A penumbral lunar eclipse will occur at the Moon’s descending node of orbit on Friday, July 16, 2038, with an umbral magnitude of −0.4938. A lunar eclipse occurs when the Moon moves into the Earth's shadow, causing the Moon to be darkened. A penumbral lunar eclipse occurs when part or all of the Moon's near side passes into the Earth's penumbra. Unlike a solar eclipse, which can only be viewed from a relatively small area of the world, a lunar eclipse may be viewed from anywhere on the night side of Earth. Occurring about 4.9 days before perigee (on July 11, 2038, at 15:35 UTC), the Moon's apparent diameter will be larger.

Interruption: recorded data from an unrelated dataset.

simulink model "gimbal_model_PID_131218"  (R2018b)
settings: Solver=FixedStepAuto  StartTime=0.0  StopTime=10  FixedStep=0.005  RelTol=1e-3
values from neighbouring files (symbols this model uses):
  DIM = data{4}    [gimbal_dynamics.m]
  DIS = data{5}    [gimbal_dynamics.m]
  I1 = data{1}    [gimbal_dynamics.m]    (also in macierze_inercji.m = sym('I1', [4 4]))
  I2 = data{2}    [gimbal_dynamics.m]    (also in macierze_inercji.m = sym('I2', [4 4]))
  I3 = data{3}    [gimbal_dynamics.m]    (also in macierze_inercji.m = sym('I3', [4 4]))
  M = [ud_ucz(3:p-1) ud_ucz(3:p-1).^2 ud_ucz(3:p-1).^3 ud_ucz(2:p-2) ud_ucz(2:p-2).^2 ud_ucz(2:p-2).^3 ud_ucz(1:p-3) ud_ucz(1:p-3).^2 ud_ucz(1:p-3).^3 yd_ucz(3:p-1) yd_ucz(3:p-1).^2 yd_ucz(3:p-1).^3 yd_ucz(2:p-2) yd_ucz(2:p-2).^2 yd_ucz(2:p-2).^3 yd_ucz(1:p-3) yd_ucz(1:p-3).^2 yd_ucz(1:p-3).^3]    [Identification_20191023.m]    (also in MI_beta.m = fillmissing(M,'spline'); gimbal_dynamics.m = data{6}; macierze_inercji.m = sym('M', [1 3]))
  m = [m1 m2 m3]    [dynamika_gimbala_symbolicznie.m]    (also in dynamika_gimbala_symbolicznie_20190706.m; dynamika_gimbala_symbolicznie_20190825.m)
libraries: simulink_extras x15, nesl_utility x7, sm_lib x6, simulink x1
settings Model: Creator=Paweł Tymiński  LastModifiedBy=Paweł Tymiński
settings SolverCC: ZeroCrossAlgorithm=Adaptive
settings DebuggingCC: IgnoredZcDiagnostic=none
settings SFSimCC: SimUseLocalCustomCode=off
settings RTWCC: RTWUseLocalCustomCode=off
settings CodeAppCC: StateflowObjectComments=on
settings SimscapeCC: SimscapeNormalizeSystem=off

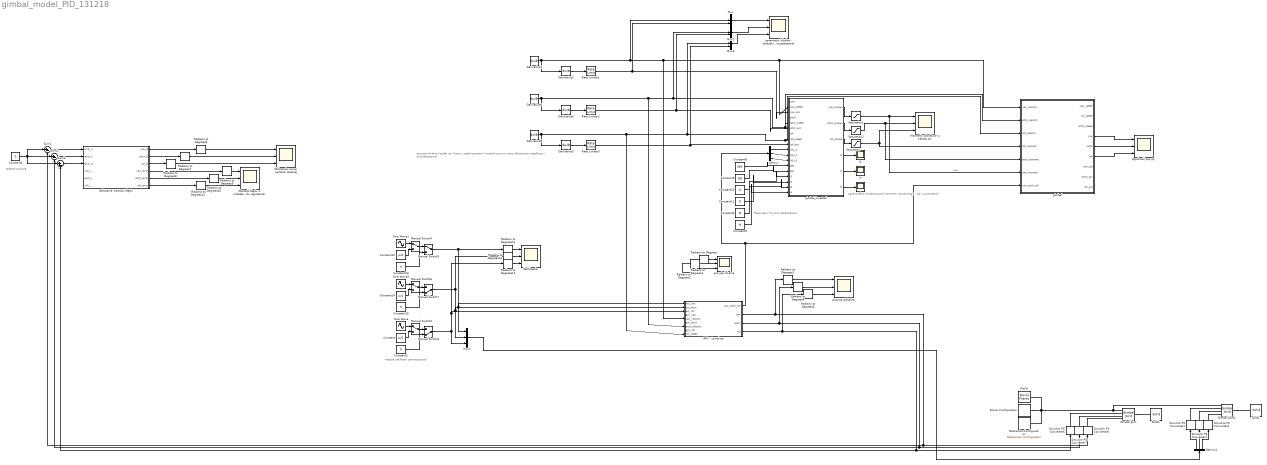
== system gimbal_model_PID_131218 ==
  note: zadana pozycja
  note: wejścia zakłóceń zewnętrznych
  note: pozycje lokalne każdej osi (wraz z ograniczeniami konstrukcyjnymi oraz obliczaniem prędkości i przyśpieszenia)
  note: Parametry fizyczne stabilizatora
  note: ograniczenia mechaniczne momentu obrotowego - do wyznaczenia
  Constant : Constant  Value=pi/2
  Constant10 : Constant  Value=I1
  Constant11 : Constant  Value=I2
  Constant12 : Constant  Value=pi/2
  Constant{2,6,13,15} (4 alike) : Constant  Value=0
  Constant14 : Constant  Value=pi/2
  Constant4 : Constant  Value=I3
  Constant5 : Constant  Value=M
  Constant8 : Constant  Value=DIM
  Constant9 : Constant  Value=DIS
  D : Scope
  Demux : Demux  Outputs=3
  Demux4 : Demux  Outputs=3
  Derivative{1..3,5..6,8} (6 alike) : Derivative
  G : Scope
  Gimbal Joint : sm_lib/Joints/Gimbal Joint  SenseConstraintForce=off  SenseConstraintForceX=off  SenseConstraintForceY=off  SenseConstraintForceZ=off  SenseConstraintTorque=off  SenseConstraintTorqueX=off  SenseConstraintTorqueY=off  SenseConstraintTorqueZ=off  SenseTotalForce=off  SenseTotalForceX=off  SenseTotalForceY=off  SenseTotalForceZ=off  SenseTotalTorque=off  SenseTotalTorqueX=off  SenseTotalTorqueY=off  SenseTotalTorqueZ=off  CompositeWrenchDir=FollowerOnBase  CompositeWrenchFrame=BaseFrame  RxEquilibriumPosition=0  RxEquilibriumPositionUnits=deg  RxSpringStiffness=0  RxSpringStiffnessUnits=N*m/deg  RxDampingCoefficient=0  RxDampingCoefficientUnits=N*m/(deg/s)  RxTorqueActuationMode=ComputedTorque  RxMotionActuationMode=InputMotion  RxSensePosition=off  RxSenseVelocity=off  RxSenseAcceleration=off  RxSenseTorqueForce=off  RxPositionTargetSpecify=off  RxPositionTargetPriority=High  RxPositionTargetValue=0  RxPositionTargetValueUnits=deg  RxVelocityTargetSpecify=off  RxVelocityTargetPriority=High  RxVelocityTargetValue=0  RxVelocityTargetValueUnits=deg/s  RyEquilibriumPosition=0  RyEquilibriumPositionUnits=deg  RySpringStiffness=0  RySpringStiffnessUnits=N*m/deg  RyDampingCoefficient=0  RyDampingCoefficientUnits=N*m/(deg/s)  RyTorqueActuationMode=ComputedTorque  RyMotionActuationMode=InputMotion  RySensePosition=off  RySenseVelocity=off  RySenseAcceleration=off  RySenseTorqueForce=off  RyPositionTargetSpecify=off  RyPositionTargetPriority=High  RyPositionTargetValue=0  RyPositionTargetValueUnits=deg  RyVelocityTargetSpecify=off  RyVelocityTargetPriority=High  RyVelocityTargetValue=0  RyVelocityTargetValueUnits=deg/s  RzEquilibriumPosition=0  RzEquilibriumPositionUnits=deg  RzSpringStiffness=0  RzSpringStiffnessUnits=N*m/deg  RzDampingCoefficient=0  RzDampingCoefficientUnits=N*m/(deg/s)  RzTorqueActuationMode=ComputedTorque  RzMotionActuationMode=InputMotion  RzSensePosition=off  RzSenseVelocity=off  RzSenseAcceleration=off  RzSenseTorqueForce=off  RzPositionTargetSpecify=off  RzPositionTargetPriority=High  RzPositionTargetValue=0  RzPositionTargetValueUnits=deg  RzVelocityTargetSpecify=off  RzVelocityTargetPriority=High  RzVelocityTargetValue=0  RzVelocityTargetValueUnits=deg/s
      settings: SourceProductName=Simscape Multibody
  Gimbal Joint1 : sm_lib/Joints/Gimbal Joint  SenseConstraintForce=off  SenseConstraintForceX=off  SenseConstraintForceY=off  SenseConstraintForceZ=off  SenseConstraintTorque=off  SenseConstraintTorqueX=off  SenseConstraintTorqueY=off  SenseConstraintTorqueZ=off  SenseTotalForce=off  SenseTotalForceX=off  SenseTotalForceY=off  SenseTotalForceZ=off  SenseTotalTorque=off  SenseTotalTorqueX=off  SenseTotalTorqueY=off  SenseTotalTorqueZ=off  CompositeWrenchDir=FollowerOnBase  CompositeWrenchFrame=BaseFrame  RxEquilibriumPosition=0  RxEquilibriumPositionUnits=deg  RxSpringStiffness=0  RxSpringStiffnessUnits=N*m/deg  RxDampingCoefficient=0  RxDampingCoefficientUnits=N*m/(deg/s)  RxTorqueActuationMode=ComputedTorque  RxMotionActuationMode=InputMotion  RxSensePosition=off  RxSenseVelocity=off  RxSenseAcceleration=off  RxSenseTorqueForce=off  RxPositionTargetSpecify=off  RxPositionTargetPriority=High  RxPositionTargetValue=0  RxPositionTargetValueUnits=deg  RxVelocityTargetSpecify=off  RxVelocityTargetPriority=High  RxVelocityTargetValue=0  RxVelocityTargetValueUnits=deg/s  RyEquilibriumPosition=0  RyEquilibriumPositionUnits=deg  RySpringStiffness=0  RySpringStiffnessUnits=N*m/deg  RyDampingCoefficient=0  RyDampingCoefficientUnits=N*m/(deg/s)  RyTorqueActuationMode=ComputedTorque  RyMotionActuationMode=InputMotion  RySensePosition=off  RySenseVelocity=off  RySenseAcceleration=off  RySenseTorqueForce=off  RyPositionTargetSpecify=off  RyPositionTargetPriority=High  RyPositionTargetValue=0  RyPositionTargetValueUnits=deg  RyVelocityTargetSpecify=off  RyVelocityTargetPriority=High  RyVelocityTargetValue=0  RyVelocityTargetValueUnits=deg/s  RzEquilibriumPosition=0  RzEquilibriumPositionUnits=deg  RzSpringStiffness=0  RzSpringStiffnessUnits=N*m/deg  RzDampingCoefficient=0  RzDampingCoefficientUnits=N*m/(deg/s)  RzTorqueActuationMode=ComputedTorque  RzMotionActuationMode=InputMotion  RzSensePosition=off  RzSenseVelocity=off  RzSenseAcceleration=off  RzSenseTorqueForce=off  RzPositionTargetSpecify=off  RzPositionTargetPriority=High  RzPositionTargetValue=0  RzPositionTargetValueUnits=deg  RzVelocityTargetSpecify=off  RzVelocityTargetPriority=High  RzVelocityTargetValue=0  RzVelocityTargetValueUnits=deg/s
      settings: SourceProductName=Simscape Multibody
  H : Scope
  IMU - żyroskop : Subsystem
  Manual Switch{2,4..6} (4 alike) : ManualSwitch
  Manual Switch3 : ManualSwitch  CurrentSetting=0
  Manual Switch7 : ManualSwitch  CurrentSetting=0
  MechanismConfiguration : sm_lib/Utilities/Mechanism Configuration  UniformGravity=Constant  GravityVector=[0 0 -9.80665]  GravityUnits=m/s^2  LinearizationDelta=0.001
  Momenty obrotowe w kazdej osi : Scope  NumInputPorts=3
  Mux{,1..3} (4 alike) : Mux  Inputs=3
  Obliczanie nowej wartości zadanej : Scope  NumInputPorts=3
  Obliczanie wartości błędu : MATLAB Function  TreatAsAtomicUnit=on
  Radians to Degrees{,1..14} (15 alike) : simulink_extras/Transformations/Radians to Degrees
  Rate Limiter1 : RateLimiter  RisingSlewLimit=10  FallingSlewLimit=-10  SampleTimeMode=inherited
  Rate Limiter2 : RateLimiter  RisingSlewLimit=10  FallingSlewLimit=-10  SampleTimeMode=inherited
  Rate Limiter3 : RateLimiter  RisingSlewLimit=10  FallingSlewLimit=-10  SampleTimeMode=inherited
  Saturation : Saturate  UpperLimit=10  LowerLimit=-10
  Saturation1 : Saturate  UpperLimit=10  LowerLimit=-10
  Saturation2 : Saturate  UpperLimit=10  LowerLimit=-10
  Simulink-PS Converter{1..3,6..8} (6 alike) : nesl_utility/Simulink-PS Converter  PhysicalDomain=network_engine_domain  SubClassName=ps_input  LeftPortType=input  RightPortType=output  PseudoPeriodic=off  Frequencies=[]  NoiseDistribution=none  NoiseParameters=[]  Unit=rad  AffineConversion=off  FilteringAndDerivatives=filter  SimscapeFilterOrder=2  InputFilterTimeConstant=0.001  UdotUserProvided=0
  Sine Wave : Sin  Amplitude=pi/16  Frequency=0.5  SampleTime=0
  Sine Wave1 : Sin  Amplitude=pi/16  Frequency=0.5  SampleTime=0
  Sine Wave2 : Sin  Amplitude=pi/16  Frequency=0.5  SampleTime=0
  Solid1 : sm_lib/Body Elements/Solid  InertiaType=Custom  Mass=0.01  MassUnits=kg  CenterOfMass=[10 30 21]  CenterOfMassUnits=mm  MomentsOfInertia=[1 1 1]  MomentsOfInertiaUnits=kg*m^2  ProductsOfInertia=[0 0 0]  ProductsOfInertiaUnits=kg*m^2  BasedOnType=Density  Density=1000  DensityUnits=kg/m^3  DoExposeReferenceFrame=on  SerializedFrames=<Frames/>  GraphicType=FromGeometry  MarkerShape=Sphere  MarkerSize=10  GraphicVisPropType=SimpleVisualProperties  GraphicDiffuseColor=[1.0 0.2 0.2]  GraphicSpecularColor=[0.5 0.5 0.5 1.0]  GraphicAmbientColor=[0.15 0.15 0.15 1.0]  GraphicEmissiveColor=[0.0 0.0 0.0 1.0]  GraphicShininess=75  GraphicOpacity=1.0  GeometryShape=Brick  RectangleSize=[1 1]  RectangleSizeUnits=m  BrickDimensions=[3 1 2]  BrickDimensionUnits=cm  CylinderRadius=1  CylinderRadiusUnits=m  CylinderLength=1  CylinderLengthUnits=m  SphereRadius=1  SphereRadiusUnits=m  EllipsoidRadii=[1 1 1]  EllipsoidRadiiUnits=m  ExtrusionCrossSection=[1 1; -1 1; -1 -1; 1 -1]  ExtrusionCrossSectionUnits=m  ExtrusionLength=1  ExtrusionLengthUnits=m  PolygonNumSides=3  PolygonOuterRadius=1  PolygonOuterRadiusUnits=m  ExtGeomFileType=STL  ExtGeomFileName=D:\OneDrive - Politechnika Warszawska\STUDIA\MGR\PRACA_MATERIALY\models\xiaomi-yi-action-cam-1.snapshot.2\YI ACTION CAM.STL  ExtGeomFileUnits=mm  RevolutionCrossSection=[1 1; 1 -1; 2 -1; 2 1]  RevolutionCrossSectionUnits=m  RevolutionExtent=Full  RevolutionAngle=180  RevolutionAngleUnits=deg
  Solid2 : sm_lib/Body Elements/Solid  InertiaType=Custom  Mass=0.01  MassUnits=kg  CenterOfMass=[10 30 21]  CenterOfMassUnits=mm  MomentsOfInertia=[1 1 1]  MomentsOfInertiaUnits=kg*m^2  ProductsOfInertia=[0 0 0]  ProductsOfInertiaUnits=kg*m^2  BasedOnType=Density  Density=1000  DensityUnits=kg/m^3  DoExposeReferenceFrame=on  SerializedFrames=<Frames/>  GraphicType=FromGeometry  MarkerShape=Sphere  MarkerSize=10  GraphicVisPropType=SimpleVisualProperties  GraphicDiffuseColor=[0.0 0.0 1.0]  GraphicSpecularColor=[0.5 0.5 0.5 1.0]  GraphicAmbientColor=[0.15 0.15 0.15 1.0]  GraphicEmissiveColor=[0.0 0.0 0.0 1.0]  GraphicShininess=75  GraphicOpacity=1.0  GeometryShape=Brick  RectangleSize=[1 1]  RectangleSizeUnits=m  BrickDimensions=[2 2 1]  BrickDimensionUnits=cm  CylinderRadius=1  CylinderRadiusUnits=m  CylinderLength=1  CylinderLengthUnits=m  SphereRadius=1  SphereRadiusUnits=m  EllipsoidRadii=[1 1 1]  EllipsoidRadiiUnits=m  ExtrusionCrossSection=[1 1; -1 1; -1 -1; 1 -1]  ExtrusionCrossSectionUnits=m  ExtrusionLength=1  ExtrusionLengthUnits=m  PolygonNumSides=3  PolygonOuterRadius=1  PolygonOuterRadiusUnits=m  ExtGeomFileType=STL  ExtGeomFileName=D:\OneDrive - Politechnika Warszawska\STUDIA\MGR\PRACA_MATERIALY\models\xiaomi-yi-action-cam-1.snapshot.2\YI ACTION CAM.STL  ExtGeomFileUnits=mm  RevolutionCrossSection=[1 1; 1 -1; 2 -1; 2 1]  RevolutionCrossSectionUnits=m  RevolutionExtent=Full  RevolutionAngle=180  RevolutionAngleUnits=deg
  Solver Configuration : nesl_utility/Solver Configuration  PhysicalDomain=network_engine_domain  SubClassName=solver  LeftPortType=input  RightPortType=generic  Tones=[]  Harmonics=[]  SimulateNoise=off  Profile=off  UseLocalSampling=off  EnableSwitchedLinearOptims=on  FrequencyDomain=off  UseCCode=off  RelTol=0.001  AbsTol=1e-06  MinStep=1e-09  ToWorkspace=off  RevertToSquareIcSolve=off  NumHomotopyIterations=100  PhasorMode=off  PhasorModeNumHarmonics=1  DoDC=off  ResidualTolerance=1e-09  UseLocalSolver=off  LocalSolverChoice=NE_BACKWARD_EULER_ADVANCER  LocalSolverSampleTime=0.001  DoFixedCost=off  MaxNonlinIter=3  MaxModeIter=2  LinearAlgebra=Sparse  EquationFormulation=NE_TIME_EF  DelaysMemoryBudget=1024  AutomaticFiltering=on  FilteringTimeConstant=0.001  PartitionStorageMethod=AS_NEEDED  PartitionMemoryBudget=1024
  Sum1 : Sum  Inputs=|+-
  Sum2 : Sum  Inputs=|+-
  Sum3 : Sum  Inputs=|+-
  Wartość błędu w układach lokalnych (do regulatora) : Scope  NumInputPorts=3
  World : sm_lib/Frames and Transforms/World Frame
  Zakłócenia : Scope  NumInputPorts=3
  Zgodność pozycji : Scope  NumInputPorts=3
  gimbal : Subsystem
  gimbal_inverted : MATLAB Function  TreatAsAtomicUnit=on
  "parametry lokalne - położenie, prędkość, przyśpieszenie" : Scope  NumInputPorts=3
  pozycja globalna : Scope  NumInputPorts=3
  pozycja lokalna : Scope  NumInputPorts=3
  wires:
  Constant6/1 -> Sum3/1, Sum2/1, Sum1/1
  Sine Wave/1 -> Manual Switch2/1
  Constant/1 -> Manual Switch2/2
  Manual Switch2/1 -> Manual Switch3/1
  Constant2/1 -> Manual Switch3/2
  Sum3/1 -> Obliczanie wartości błędu/3(error_3)
  Obliczanie wartości błędu/1(yaw_D) -> Radians to Degrees5/1
  Obliczanie wartości błędu/3(roll_D) -> Radians to Degrees8/1
  Obliczanie wartości błędu/2(pitch_D) -> Radians to Degrees7/1
  Sum1/1 -> Obliczanie wartości błędu/1(error_1)
  Sum2/1 -> Obliczanie wartości błędu/2(error_2)
  Radians to Degrees7/1 -> Obliczanie nowej wartości zadanej/2
  Radians to Degrees5/1 -> Obliczanie nowej wartości zadanej/1
  Radians to Degrees8/1 -> Obliczanie nowej wartości zadanej/3
  Radians to Degrees10/1 -> Wartość błędu w układach lokalnych (do regulatora)/2
  Radians to Degrees9/1 -> Wartość błędu w układach lokalnych (do regulatora)/1
  Obliczanie wartości błędu/4(yaw_error) -> Radians to Degrees9/1
  Radians to Degrees11/1 -> Wartość błędu w układach lokalnych (do regulatora)/3
  Obliczanie wartości błędu/6(roll_error) -> Radians to Degrees11/1
  Obliczanie wartości błędu/5(pitch_error) -> Radians to Degrees10/1
  Radians to Degrees12/1 -> Zakłócenia/1
  Radians to Degrees14/1 -> Zakłócenia/3
  Radians to Degrees13/1 -> Zakłócenia/2
  IMU - żyroskop/4(roll) -> Radians to Degrees6/1, Simulink-PS Converter6/1, Sum3/2
  IMU - żyroskop/2(yaw) -> Radians to Degrees3/1, Simulink-PS Converter8/1, Sum1/2
  IMU - żyroskop/3(pitch) -> Radians to Degrees4/1, Simulink-PS Converter7/1, Sum2/2
  Mux2/1 -> Demux4/1
  Demux4/1 -> Simulink-PS Converter1/1
  Demux4/2 -> Simulink-PS Converter2/1
  Demux4/3 -> Simulink-PS Converter3/1
  Constant8/1 -> gimbal_inverted/13(DIM)
  Constant9/1 -> gimbal_inverted/14(DIS)
  Constant10/1 -> gimbal_inverted/15(I1)
  Constant11/1 -> gimbal_inverted/16(I2)
  Constant4/1 -> gimbal_inverted/17(I3)
  Constant5/1 -> gimbal_inverted/18(M)
  IMU - żyroskop/1(yaw_pitch_roll) -> gimbal/7(yaw_pitch_roll), Demux/1
  Demux/2 -> gimbal_inverted/11(IMU_2)
  Demux/3 -> gimbal_inverted/12(IMU_3)
  Demux/1 -> gimbal_inverted/10(IMU_1)
  gimbal_inverted/2(pitch_torque) -> Saturation2/1
  gimbal_inverted/1(yaw_torque) -> Saturation1/1
  gimbal_inverted/3(roll_torque) -> Saturation/1
  Constant13/1 -> Manual Switch5/2
  Manual Switch4/1 -> Manual Switch5/1
  Constant12/1 -> Manual Switch4/2
  Sine Wave1/1 -> Manual Switch4/1
  Constant15/1 -> Manual Switch7/2
  Manual Switch6/1 -> Manual Switch7/1
  Constant14/1 -> Manual Switch6/2
  Sine Wave2/1 -> Manual Switch6/1
  Manual Switch5/1 -> Radians to Degrees12/1, Mux2/1, IMU - żyroskop/1(ext_yaw)
  Manual Switch7/1 -> Radians to Degrees13/1, IMU - żyroskop/2(ext_pitch), Mux2/2
  Manual Switch3/1 -> Mux2/3, IMU - żyroskop/3(ext_roll), Radians to Degrees14/1
  Derivative1/1 -> Derivative2/1, Mux/2, IMU - żyroskop/5(yaw_velocity), gimbal/1(yaw_velocity), gimbal_inverted/2(yaw_speed)
  Derivative5/1 -> Rate Limiter2/1
  Derivative3/1 -> Rate Limiter3/1
  Derivative6/1 -> Derivative5/1, IMU - żyroskop/7(pitch_velocity), Mux1/2, gimbal/2(pitch_velocity), gimbal_inverted/5(pitch_speed)
  Derivative8/1 -> Derivative3/1, IMU - żyroskop/9(roll_speed), Mux3/2, gimbal/3(roll_velocity), gimbal_inverted/8(roll_speed)
  gimbal/4(yaw) -> Zgodność pozycji/1
  gimbal/5(pitch) -> Zgodność pozycji/2
  gimbal/6(roll) -> Zgodność pozycji/3
  Saturation2/1 -> gimbal/5(pitch_moment), Momenty obrotowe w kazdej osi/2
  Saturation1/1 -> Momenty obrotowe w kazdej osi/1, gimbal/6(yaw_moment)  "yaw"
  Saturation/1 -> gimbal/4(roll_moment), Momenty obrotowe w kazdej osi/3
  Radians to Degrees2/1 -> pozycja lokalna/3
  Radians to Degrees1/1 -> pozycja lokalna/2
  Radians to Degrees/1 -> pozycja lokalna/1
  Radians to Degrees3/1 -> pozycja globalna/1
  Radians to Degrees4/1 -> pozycja globalna/2
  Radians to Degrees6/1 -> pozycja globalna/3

This eclipse will be the third of four penumbral lunar eclipses in 2038, with the others occurring on January 21, June 17, and December 11.

== Visibility ==
The eclipse will be completely visible over Australia, Antarctica, and the Pacific Ocean, seen rising over east Asia and setting over North and South America.

== Eclipse details ==
Shown below is a table displaying details about this particular lunar eclipse. It describes various parameters pertaining to this eclipse.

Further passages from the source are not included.